Your task is to restate the listing word for word without the pictures.

> DATA UNDER STUDY:
▽

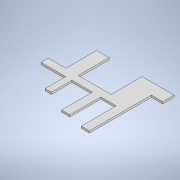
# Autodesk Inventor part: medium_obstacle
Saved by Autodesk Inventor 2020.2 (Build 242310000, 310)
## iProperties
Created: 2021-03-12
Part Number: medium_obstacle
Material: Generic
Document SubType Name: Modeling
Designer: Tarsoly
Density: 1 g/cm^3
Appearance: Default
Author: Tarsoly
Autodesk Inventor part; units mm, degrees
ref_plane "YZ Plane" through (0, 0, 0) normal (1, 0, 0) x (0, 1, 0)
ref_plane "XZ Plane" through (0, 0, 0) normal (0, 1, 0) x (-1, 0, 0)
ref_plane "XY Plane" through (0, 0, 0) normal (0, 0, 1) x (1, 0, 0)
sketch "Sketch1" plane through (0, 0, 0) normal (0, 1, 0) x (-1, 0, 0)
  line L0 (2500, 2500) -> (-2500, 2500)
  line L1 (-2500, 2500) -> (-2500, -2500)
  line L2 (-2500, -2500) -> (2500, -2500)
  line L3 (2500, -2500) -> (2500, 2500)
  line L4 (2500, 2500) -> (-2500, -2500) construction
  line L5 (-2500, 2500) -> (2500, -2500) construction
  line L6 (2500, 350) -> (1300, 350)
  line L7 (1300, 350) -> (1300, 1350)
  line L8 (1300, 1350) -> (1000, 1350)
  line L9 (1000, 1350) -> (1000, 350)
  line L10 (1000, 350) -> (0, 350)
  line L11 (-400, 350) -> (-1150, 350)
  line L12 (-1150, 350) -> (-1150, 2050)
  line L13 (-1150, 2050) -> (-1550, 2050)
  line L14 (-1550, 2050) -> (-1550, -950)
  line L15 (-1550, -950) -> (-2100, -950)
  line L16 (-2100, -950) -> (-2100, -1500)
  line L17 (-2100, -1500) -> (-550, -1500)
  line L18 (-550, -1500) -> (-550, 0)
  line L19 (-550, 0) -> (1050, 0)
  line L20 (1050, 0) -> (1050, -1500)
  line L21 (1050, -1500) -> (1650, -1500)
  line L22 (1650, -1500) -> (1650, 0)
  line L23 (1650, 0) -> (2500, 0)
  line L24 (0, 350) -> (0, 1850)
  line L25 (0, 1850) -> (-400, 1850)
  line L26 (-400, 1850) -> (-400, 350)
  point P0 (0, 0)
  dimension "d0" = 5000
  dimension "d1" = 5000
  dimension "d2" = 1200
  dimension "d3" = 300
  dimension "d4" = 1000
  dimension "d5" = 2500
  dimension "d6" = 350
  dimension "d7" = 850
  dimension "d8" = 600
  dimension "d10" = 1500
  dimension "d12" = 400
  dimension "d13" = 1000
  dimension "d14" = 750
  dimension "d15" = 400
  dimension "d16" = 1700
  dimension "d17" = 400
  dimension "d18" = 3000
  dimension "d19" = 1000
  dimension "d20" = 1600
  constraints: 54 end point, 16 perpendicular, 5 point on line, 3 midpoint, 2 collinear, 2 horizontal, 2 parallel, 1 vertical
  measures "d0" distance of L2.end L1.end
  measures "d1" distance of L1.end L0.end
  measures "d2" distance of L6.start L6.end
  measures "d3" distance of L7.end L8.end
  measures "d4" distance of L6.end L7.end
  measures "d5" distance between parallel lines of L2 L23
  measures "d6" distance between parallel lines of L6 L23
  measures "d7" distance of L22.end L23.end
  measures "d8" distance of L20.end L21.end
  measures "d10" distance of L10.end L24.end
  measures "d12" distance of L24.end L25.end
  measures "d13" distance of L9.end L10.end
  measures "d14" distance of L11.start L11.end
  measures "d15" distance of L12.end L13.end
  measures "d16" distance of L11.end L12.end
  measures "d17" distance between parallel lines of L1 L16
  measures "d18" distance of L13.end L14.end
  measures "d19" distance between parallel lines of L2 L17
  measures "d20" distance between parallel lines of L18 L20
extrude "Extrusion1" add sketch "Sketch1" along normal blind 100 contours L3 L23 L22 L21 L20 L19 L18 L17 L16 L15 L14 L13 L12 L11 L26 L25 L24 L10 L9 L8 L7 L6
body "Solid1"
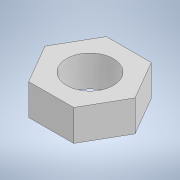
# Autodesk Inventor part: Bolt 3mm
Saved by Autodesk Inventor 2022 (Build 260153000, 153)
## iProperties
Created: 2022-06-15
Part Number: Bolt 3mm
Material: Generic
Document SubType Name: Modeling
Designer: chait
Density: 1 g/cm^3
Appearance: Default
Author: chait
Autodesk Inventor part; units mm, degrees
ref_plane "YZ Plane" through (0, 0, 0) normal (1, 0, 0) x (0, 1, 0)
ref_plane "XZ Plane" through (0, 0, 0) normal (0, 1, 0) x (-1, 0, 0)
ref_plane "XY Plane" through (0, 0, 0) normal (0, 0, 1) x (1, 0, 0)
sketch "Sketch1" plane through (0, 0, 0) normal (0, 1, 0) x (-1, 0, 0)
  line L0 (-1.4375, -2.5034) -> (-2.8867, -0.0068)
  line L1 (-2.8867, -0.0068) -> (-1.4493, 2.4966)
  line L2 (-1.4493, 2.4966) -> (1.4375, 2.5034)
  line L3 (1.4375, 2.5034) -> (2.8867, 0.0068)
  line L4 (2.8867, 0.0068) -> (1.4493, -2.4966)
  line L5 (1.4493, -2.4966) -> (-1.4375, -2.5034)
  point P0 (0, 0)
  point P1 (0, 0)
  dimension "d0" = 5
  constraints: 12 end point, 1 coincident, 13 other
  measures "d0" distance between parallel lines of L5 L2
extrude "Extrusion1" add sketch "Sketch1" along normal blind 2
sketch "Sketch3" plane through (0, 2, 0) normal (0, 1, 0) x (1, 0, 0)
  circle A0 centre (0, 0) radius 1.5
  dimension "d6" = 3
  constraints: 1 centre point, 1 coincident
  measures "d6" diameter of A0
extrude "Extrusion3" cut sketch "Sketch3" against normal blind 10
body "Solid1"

△

> RESPONSE BOX:
# Autodesk Inventor part: medium_obstacle
Saved by Autodesk Inventor 2020.2 (Build 242310000, 310)
## iProperties
Created: 2021-03-12
Part Number: medium_obstacle
Material: Generic
Document SubType Name: Modeling
Designer: Tarsoly
Density: 1 g/cm^3
Appearance: Default
Author: Tarsoly
Autodesk Inventor part; units mm, degrees
ref_plane "YZ Plane" through (0, 0, 0) normal (1, 0, 0) x (0, 1, 0)
ref_plane "XZ Plane" through (0, 0, 0) normal (0, 1, 0) x (-1, 0, 0)
ref_plane "XY Plane" through (0, 0, 0) normal (0, 0, 1) x (1, 0, 0)
sketch "Sketch1" plane through (0, 0, 0) normal (0, 1, 0) x (-1, 0, 0)
  line L0 (2500, 2500) -> (-2500, 2500)
  line L1 (-2500, 2500) -> (-2500, -2500)
  line L2 (-2500, -2500) -> (2500, -2500)
  line L3 (2500, -2500) -> (2500, 2500)
  line L4 (2500, 2500) -> (-2500, -2500) construction
  line L5 (-2500, 2500) -> (2500, -2500) construction
  line L6 (2500, 350) -> (1300, 350)
  line L7 (1300, 350) -> (1300, 1350)
  line L8 (1300, 1350) -> (1000, 1350)
  line L9 (1000, 1350) -> (1000, 350)
  line L10 (1000, 350) -> (0, 350)
  line L11 (-400, 350) -> (-1150, 350)
  line L12 (-1150, 350) -> (-1150, 2050)
  line L13 (-1150, 2050) -> (-1550, 2050)
  line L14 (-1550, 2050) -> (-1550, -950)
  line L15 (-1550, -950) -> (-2100, -950)
  line L16 (-2100, -950) -> (-2100, -1500)
  line L17 (-2100, -1500) -> (-550, -1500)
  line L18 (-550, -1500) -> (-550, 0)
  line L19 (-550, 0) -> (1050, 0)
  line L20 (1050, 0) -> (1050, -1500)
  line L21 (1050, -1500) -> (1650, -1500)
  line L22 (1650, -1500) -> (1650, 0)
  line L23 (1650, 0) -> (2500, 0)
  line L24 (0, 350) -> (0, 1850)
  line L25 (0, 1850) -> (-400, 1850)
  line L26 (-400, 1850) -> (-400, 350)
  point P0 (0, 0)
  dimension "d0" = 5000
  dimension "d1" = 5000
  dimension "d2" = 1200
  dimension "d3" = 300
  dimension "d4" = 1000
  dimension "d5" = 2500
  dimension "d6" = 350
  dimension "d7" = 850
  dimension "d8" = 600
  dimension "d10" = 1500
  dimension "d12" = 400
  dimension "d13" = 1000
  dimension "d14" = 750
  dimension "d15" = 400
  dimension "d16" = 1700
  dimension "d17" = 400
  dimension "d18" = 3000
  dimension "d19" = 1000
  dimension "d20" = 1600
  constraints: 54 end point, 16 perpendicular, 5 point on line, 3 midpoint, 2 collinear, 2 horizontal, 2 parallel, 1 vertical
  measures "d0" distance of L2.end L1.end
  measures "d1" distance of L1.end L0.end
  measures "d2" distance of L6.start L6.end
  measures "d3" distance of L7.end L8.end
  measures "d4" distance of L6.end L7.end
  measures "d5" distance between parallel lines of L2 L23
  measures "d6" distance between parallel lines of L6 L23
  measures "d7" distance of L22.end L23.end
  measures "d8" distance of L20.end L21.end
  measures "d10" distance of L10.end L24.end
  measures "d12" distance of L24.end L25.end
  measures "d13" distance of L9.end L10.end
  measures "d14" distance of L11.start L11.end
  measures "d15" distance of L12.end L13.end
  measures "d16" distance of L11.end L12.end
  measures "d17" distance between parallel lines of L1 L16
  measures "d18" distance of L13.end L14.end
  measures "d19" distance between parallel lines of L2 L17
  measures "d20" distance between parallel lines of L18 L20
extrude "Extrusion1" add sketch "Sketch1" along normal blind 100 contours L3 L23 L22 L21 L20 L19 L18 L17 L16 L15 L14 L13 L12 L11 L26 L25 L24 L10 L9 L8 L7 L6
body "Solid1"
# Autodesk Inventor part: Bolt 3mm
Saved by Autodesk Inventor 2022 (Build 260153000, 153)
## iProperties
Created: 2022-06-15
Part Number: Bolt 3mm
Material: Generic
Document SubType Name: Modeling
Designer: chait
Density: 1 g/cm^3
Appearance: Default
Author: chait
Autodesk Inventor part; units mm, degrees
ref_plane "YZ Plane" through (0, 0, 0) normal (1, 0, 0) x (0, 1, 0)
ref_plane "XZ Plane" through (0, 0, 0) normal (0, 1, 0) x (-1, 0, 0)
ref_plane "XY Plane" through (0, 0, 0) normal (0, 0, 1) x (1, 0, 0)
sketch "Sketch1" plane through (0, 0, 0) normal (0, 1, 0) x (-1, 0, 0)
  line L0 (-1.4375, -2.5034) -> (-2.8867, -0.0068)
  line L1 (-2.8867, -0.0068) -> (-1.4493, 2.4966)
  line L2 (-1.4493, 2.4966) -> (1.4375, 2.5034)
  line L3 (1.4375, 2.5034) -> (2.8867, 0.0068)
  line L4 (2.8867, 0.0068) -> (1.4493, -2.4966)
  line L5 (1.4493, -2.4966) -> (-1.4375, -2.5034)
  point P0 (0, 0)
  point P1 (0, 0)
  dimension "d0" = 5
  constraints: 12 end point, 1 coincident, 13 other
  measures "d0" distance between parallel lines of L5 L2
extrude "Extrusion1" add sketch "Sketch1" along normal blind 2
sketch "Sketch3" plane through (0, 2, 0) normal (0, 1, 0) x (1, 0, 0)
  circle A0 centre (0, 0) radius 1.5
  dimension "d6" = 3
  constraints: 1 centre point, 1 coincident
  measures "d6" diameter of A0
extrude "Extrusion3" cut sketch "Sketch3" against normal blind 10
body "Solid1"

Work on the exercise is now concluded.